■ TO DO ■
For the entries below, print exactly the lines between the line holding "- net GND: now also C7.1, C8.1, C9.1;" and the line holding "(wire (pts (xy 171.45", inclusive, and nothing else.

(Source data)
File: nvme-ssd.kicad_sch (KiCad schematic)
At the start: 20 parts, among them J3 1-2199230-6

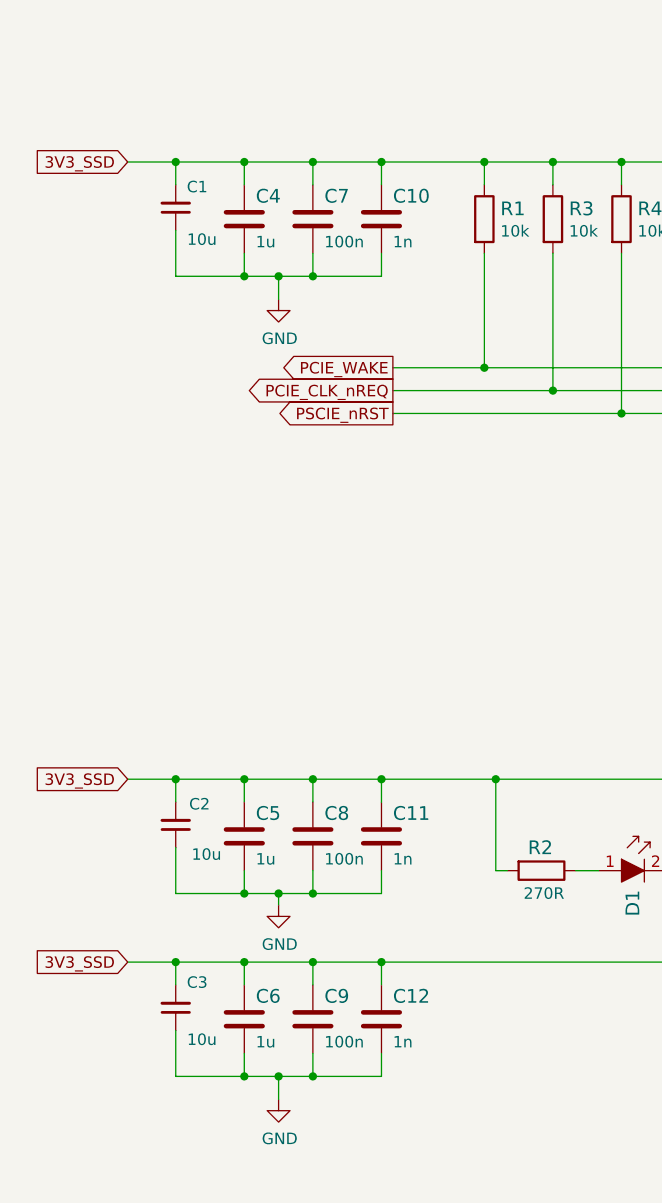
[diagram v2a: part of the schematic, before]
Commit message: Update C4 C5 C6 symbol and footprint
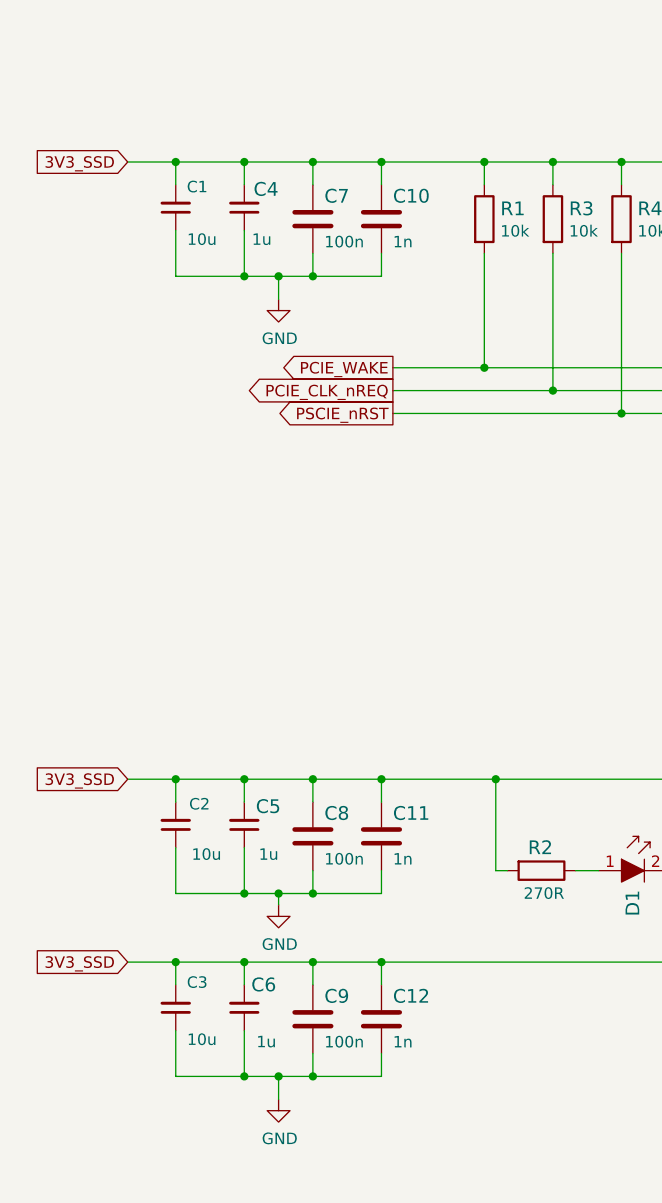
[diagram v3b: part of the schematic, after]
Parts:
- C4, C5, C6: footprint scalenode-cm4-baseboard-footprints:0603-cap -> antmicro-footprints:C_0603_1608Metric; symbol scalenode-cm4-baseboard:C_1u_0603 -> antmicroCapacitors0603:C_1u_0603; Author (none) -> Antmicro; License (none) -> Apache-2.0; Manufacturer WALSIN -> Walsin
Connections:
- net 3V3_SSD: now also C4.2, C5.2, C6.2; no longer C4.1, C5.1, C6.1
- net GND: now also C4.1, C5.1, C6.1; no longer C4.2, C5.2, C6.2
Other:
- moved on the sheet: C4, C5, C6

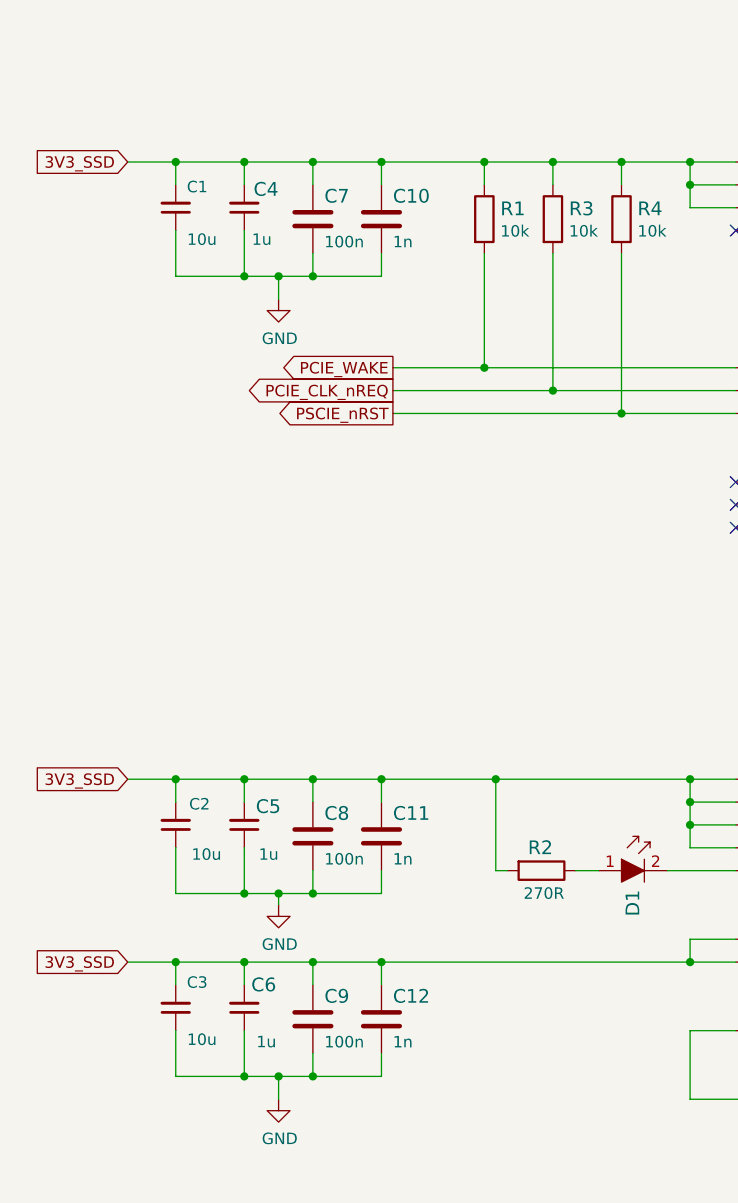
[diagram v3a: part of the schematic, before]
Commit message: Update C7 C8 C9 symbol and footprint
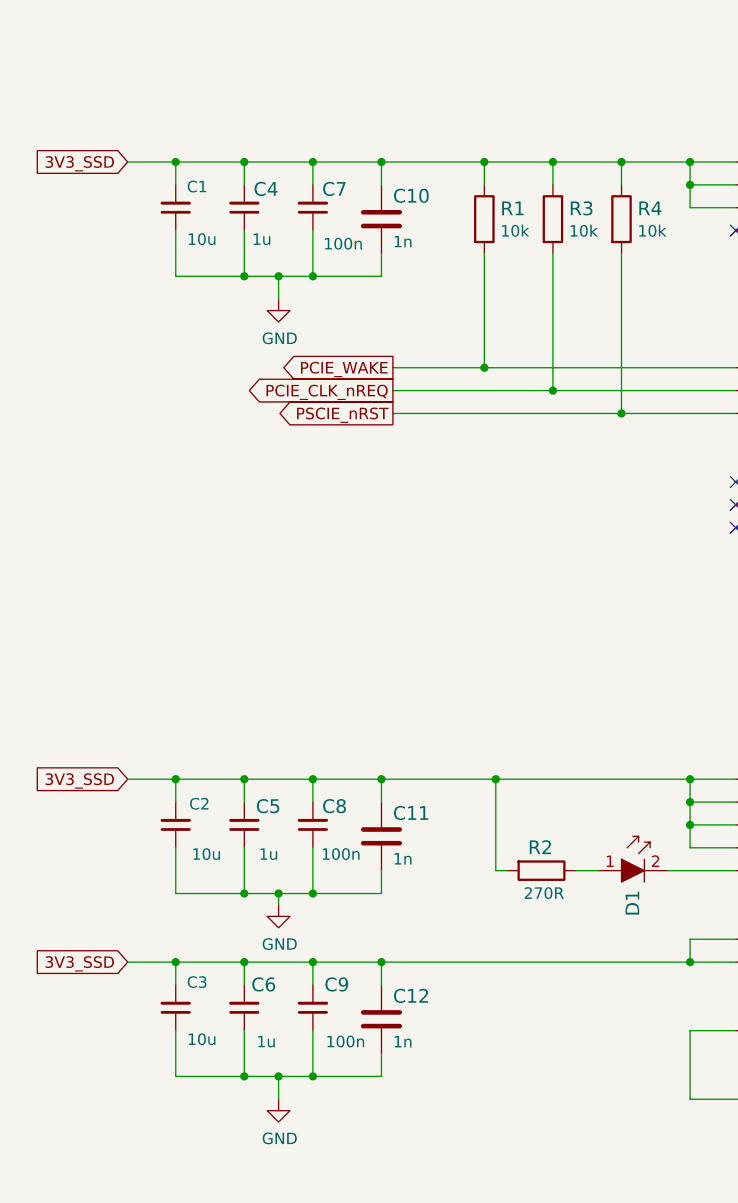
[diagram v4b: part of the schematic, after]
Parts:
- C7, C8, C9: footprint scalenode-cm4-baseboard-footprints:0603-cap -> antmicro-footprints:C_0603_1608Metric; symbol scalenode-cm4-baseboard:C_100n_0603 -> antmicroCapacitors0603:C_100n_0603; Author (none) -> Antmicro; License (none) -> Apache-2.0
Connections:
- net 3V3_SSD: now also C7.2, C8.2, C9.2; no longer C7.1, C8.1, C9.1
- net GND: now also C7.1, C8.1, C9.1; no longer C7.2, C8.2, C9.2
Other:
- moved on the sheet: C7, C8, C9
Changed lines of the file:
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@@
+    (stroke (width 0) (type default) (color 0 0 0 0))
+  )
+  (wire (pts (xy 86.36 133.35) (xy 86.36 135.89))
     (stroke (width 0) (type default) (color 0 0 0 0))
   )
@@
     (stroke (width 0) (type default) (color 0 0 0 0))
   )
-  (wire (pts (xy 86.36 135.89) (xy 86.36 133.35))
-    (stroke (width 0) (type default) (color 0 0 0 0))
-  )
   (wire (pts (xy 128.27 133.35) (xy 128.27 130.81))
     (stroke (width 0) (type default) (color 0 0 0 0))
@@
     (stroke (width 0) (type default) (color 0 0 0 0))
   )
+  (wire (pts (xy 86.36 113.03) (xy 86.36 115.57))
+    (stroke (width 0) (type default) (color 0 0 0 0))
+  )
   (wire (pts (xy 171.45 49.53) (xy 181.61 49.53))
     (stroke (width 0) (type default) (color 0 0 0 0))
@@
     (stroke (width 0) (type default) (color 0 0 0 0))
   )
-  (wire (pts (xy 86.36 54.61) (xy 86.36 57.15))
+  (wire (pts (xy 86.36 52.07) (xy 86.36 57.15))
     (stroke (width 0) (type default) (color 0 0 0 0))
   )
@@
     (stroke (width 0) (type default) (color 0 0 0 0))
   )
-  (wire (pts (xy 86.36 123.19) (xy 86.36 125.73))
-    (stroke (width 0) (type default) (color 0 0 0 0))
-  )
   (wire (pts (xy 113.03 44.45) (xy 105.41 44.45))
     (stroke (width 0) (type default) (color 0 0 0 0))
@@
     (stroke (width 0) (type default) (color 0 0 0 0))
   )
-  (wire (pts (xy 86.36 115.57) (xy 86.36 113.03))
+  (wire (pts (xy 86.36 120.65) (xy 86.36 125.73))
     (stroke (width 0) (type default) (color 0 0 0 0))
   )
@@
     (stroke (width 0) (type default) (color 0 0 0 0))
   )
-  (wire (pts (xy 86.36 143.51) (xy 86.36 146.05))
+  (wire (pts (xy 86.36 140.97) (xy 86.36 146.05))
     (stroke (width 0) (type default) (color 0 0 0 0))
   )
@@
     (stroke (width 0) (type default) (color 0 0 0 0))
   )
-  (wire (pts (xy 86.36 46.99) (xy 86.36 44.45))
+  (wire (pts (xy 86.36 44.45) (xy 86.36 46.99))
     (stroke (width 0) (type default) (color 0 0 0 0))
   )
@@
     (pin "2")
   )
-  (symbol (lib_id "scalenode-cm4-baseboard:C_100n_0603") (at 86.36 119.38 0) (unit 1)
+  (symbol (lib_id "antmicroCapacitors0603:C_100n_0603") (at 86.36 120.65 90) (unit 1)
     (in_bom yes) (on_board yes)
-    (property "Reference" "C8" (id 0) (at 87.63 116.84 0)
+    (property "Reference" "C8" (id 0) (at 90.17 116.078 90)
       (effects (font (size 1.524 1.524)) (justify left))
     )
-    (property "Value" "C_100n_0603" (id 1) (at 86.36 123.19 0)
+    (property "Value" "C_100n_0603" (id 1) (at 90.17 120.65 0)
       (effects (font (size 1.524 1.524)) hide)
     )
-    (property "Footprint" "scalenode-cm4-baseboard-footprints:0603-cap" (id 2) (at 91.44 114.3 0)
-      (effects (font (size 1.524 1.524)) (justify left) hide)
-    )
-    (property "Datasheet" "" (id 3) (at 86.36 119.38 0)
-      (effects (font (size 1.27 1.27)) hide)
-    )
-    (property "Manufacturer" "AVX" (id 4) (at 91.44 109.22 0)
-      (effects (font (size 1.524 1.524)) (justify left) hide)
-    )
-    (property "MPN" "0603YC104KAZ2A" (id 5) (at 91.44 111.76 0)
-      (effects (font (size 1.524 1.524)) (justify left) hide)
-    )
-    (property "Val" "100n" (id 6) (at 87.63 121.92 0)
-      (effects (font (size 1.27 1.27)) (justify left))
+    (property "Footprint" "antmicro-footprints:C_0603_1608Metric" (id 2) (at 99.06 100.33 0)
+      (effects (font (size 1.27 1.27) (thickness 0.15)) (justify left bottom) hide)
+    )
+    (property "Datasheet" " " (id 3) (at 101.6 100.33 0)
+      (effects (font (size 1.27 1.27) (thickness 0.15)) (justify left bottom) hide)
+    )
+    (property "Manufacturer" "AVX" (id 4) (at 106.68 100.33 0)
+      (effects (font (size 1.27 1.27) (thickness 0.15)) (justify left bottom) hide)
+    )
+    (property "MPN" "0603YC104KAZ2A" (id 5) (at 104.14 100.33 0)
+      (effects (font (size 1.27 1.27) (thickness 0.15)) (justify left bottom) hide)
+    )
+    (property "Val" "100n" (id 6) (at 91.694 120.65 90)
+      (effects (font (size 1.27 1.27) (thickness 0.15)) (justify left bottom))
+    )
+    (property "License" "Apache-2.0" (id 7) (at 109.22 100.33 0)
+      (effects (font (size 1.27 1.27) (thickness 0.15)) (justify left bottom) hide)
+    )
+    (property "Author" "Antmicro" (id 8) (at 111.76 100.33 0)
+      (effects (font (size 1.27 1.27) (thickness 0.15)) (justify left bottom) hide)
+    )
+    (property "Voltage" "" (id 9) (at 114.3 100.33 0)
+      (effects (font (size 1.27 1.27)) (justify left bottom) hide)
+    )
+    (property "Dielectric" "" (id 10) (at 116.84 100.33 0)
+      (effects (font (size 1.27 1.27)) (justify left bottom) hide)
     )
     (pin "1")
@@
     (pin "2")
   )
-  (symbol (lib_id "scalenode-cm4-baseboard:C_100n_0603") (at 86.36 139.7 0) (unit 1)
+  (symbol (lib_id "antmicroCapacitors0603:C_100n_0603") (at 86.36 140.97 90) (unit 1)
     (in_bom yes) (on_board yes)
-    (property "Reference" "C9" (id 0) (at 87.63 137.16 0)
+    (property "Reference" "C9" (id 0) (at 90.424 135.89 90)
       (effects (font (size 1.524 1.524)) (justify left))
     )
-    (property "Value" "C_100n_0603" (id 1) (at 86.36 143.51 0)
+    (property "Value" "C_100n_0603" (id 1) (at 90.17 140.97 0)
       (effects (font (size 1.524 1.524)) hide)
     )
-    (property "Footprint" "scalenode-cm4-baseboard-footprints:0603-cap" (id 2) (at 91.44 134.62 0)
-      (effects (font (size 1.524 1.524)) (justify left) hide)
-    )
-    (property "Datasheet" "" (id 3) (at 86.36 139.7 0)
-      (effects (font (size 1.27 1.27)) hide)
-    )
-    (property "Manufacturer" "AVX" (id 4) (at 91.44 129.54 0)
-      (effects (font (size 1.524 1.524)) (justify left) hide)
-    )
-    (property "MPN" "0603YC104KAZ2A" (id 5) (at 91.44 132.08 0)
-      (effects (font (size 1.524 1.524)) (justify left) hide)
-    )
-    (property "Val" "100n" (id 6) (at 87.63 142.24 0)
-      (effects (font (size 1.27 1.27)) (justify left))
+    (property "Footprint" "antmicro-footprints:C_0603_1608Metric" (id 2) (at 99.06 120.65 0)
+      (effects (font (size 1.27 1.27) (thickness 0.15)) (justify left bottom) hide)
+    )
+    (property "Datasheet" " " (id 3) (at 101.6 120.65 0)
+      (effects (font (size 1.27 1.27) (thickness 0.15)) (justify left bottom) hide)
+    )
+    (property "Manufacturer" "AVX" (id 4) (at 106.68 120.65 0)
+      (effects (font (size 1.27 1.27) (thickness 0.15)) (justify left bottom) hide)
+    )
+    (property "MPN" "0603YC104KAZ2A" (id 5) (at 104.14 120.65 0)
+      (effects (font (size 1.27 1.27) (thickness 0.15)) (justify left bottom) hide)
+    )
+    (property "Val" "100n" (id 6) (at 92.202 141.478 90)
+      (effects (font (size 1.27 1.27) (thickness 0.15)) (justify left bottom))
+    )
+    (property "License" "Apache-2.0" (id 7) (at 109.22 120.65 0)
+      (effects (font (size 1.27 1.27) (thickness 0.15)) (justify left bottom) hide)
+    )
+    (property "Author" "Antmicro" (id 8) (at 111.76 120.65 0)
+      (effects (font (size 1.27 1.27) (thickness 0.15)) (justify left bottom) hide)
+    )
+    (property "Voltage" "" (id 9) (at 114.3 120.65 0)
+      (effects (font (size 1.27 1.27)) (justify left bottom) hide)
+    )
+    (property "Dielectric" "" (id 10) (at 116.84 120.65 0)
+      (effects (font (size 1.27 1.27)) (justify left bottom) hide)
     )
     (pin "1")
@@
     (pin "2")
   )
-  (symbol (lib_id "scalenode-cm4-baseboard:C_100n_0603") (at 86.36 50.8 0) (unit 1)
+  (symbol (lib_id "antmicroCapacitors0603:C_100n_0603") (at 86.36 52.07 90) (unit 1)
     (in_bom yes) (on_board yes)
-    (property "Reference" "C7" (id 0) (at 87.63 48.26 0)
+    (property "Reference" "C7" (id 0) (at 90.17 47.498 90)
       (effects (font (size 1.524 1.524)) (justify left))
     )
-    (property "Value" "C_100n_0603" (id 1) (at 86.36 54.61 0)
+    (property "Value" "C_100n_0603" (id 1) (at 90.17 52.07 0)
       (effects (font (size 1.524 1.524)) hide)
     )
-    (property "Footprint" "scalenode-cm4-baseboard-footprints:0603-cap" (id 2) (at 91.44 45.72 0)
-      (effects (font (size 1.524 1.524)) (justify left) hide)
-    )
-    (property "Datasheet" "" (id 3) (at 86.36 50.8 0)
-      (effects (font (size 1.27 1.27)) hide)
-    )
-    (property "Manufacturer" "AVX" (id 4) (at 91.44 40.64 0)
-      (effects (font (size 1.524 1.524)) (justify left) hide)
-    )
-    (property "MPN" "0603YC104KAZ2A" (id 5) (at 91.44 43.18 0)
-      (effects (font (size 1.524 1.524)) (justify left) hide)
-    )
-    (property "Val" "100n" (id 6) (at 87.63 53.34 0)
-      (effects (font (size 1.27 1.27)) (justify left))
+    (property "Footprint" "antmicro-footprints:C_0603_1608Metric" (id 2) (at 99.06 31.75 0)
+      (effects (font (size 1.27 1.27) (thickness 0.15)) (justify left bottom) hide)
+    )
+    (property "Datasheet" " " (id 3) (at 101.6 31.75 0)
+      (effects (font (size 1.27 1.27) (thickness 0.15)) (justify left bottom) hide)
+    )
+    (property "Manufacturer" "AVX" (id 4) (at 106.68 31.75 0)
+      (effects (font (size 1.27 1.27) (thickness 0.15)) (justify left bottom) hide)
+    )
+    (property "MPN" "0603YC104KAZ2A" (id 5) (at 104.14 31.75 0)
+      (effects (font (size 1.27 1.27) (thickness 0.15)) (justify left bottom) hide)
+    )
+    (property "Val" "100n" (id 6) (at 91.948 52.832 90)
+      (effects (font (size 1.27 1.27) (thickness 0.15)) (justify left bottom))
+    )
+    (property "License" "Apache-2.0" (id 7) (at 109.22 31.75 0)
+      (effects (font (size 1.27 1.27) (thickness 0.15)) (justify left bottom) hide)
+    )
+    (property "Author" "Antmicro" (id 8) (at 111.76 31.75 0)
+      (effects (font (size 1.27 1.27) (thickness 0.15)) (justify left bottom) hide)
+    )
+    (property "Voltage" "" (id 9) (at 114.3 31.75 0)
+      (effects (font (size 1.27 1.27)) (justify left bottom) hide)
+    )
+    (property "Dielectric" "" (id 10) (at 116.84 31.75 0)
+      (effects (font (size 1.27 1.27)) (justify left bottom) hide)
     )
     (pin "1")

■ RESPONSE BELOW ■
- net GND: now also C7.1, C8.1, C9.1; no longer C7.2, C8.2, C9.2
Other:
- moved on the sheet: C7, C8, C9
Changed lines of the file:
@@
+    (stroke (width 0) (type default) (color 0 0 0 0))
+  )
+  (wire (pts (xy 86.36 133.35) (xy 86.36 135.89))
     (stroke (width 0) (type default) (color 0 0 0 0))
   )
@@
     (stroke (width 0) (type default) (color 0 0 0 0))
   )
-  (wire (pts (xy 86.36 135.89) (xy 86.36 133.35))
-    (stroke (width 0) (type default) (color 0 0 0 0))
-  )
   (wire (pts (xy 128.27 133.35) (xy 128.27 130.81))
     (stroke (width 0) (type default) (color 0 0 0 0))
@@
     (stroke (width 0) (type default) (color 0 0 0 0))
   )
+  (wire (pts (xy 86.36 113.03) (xy 86.36 115.57))
+    (stroke (width 0) (type default) (color 0 0 0 0))
+  )
   (wire (pts (xy 171.45 49.53) (xy 181.61 49.53))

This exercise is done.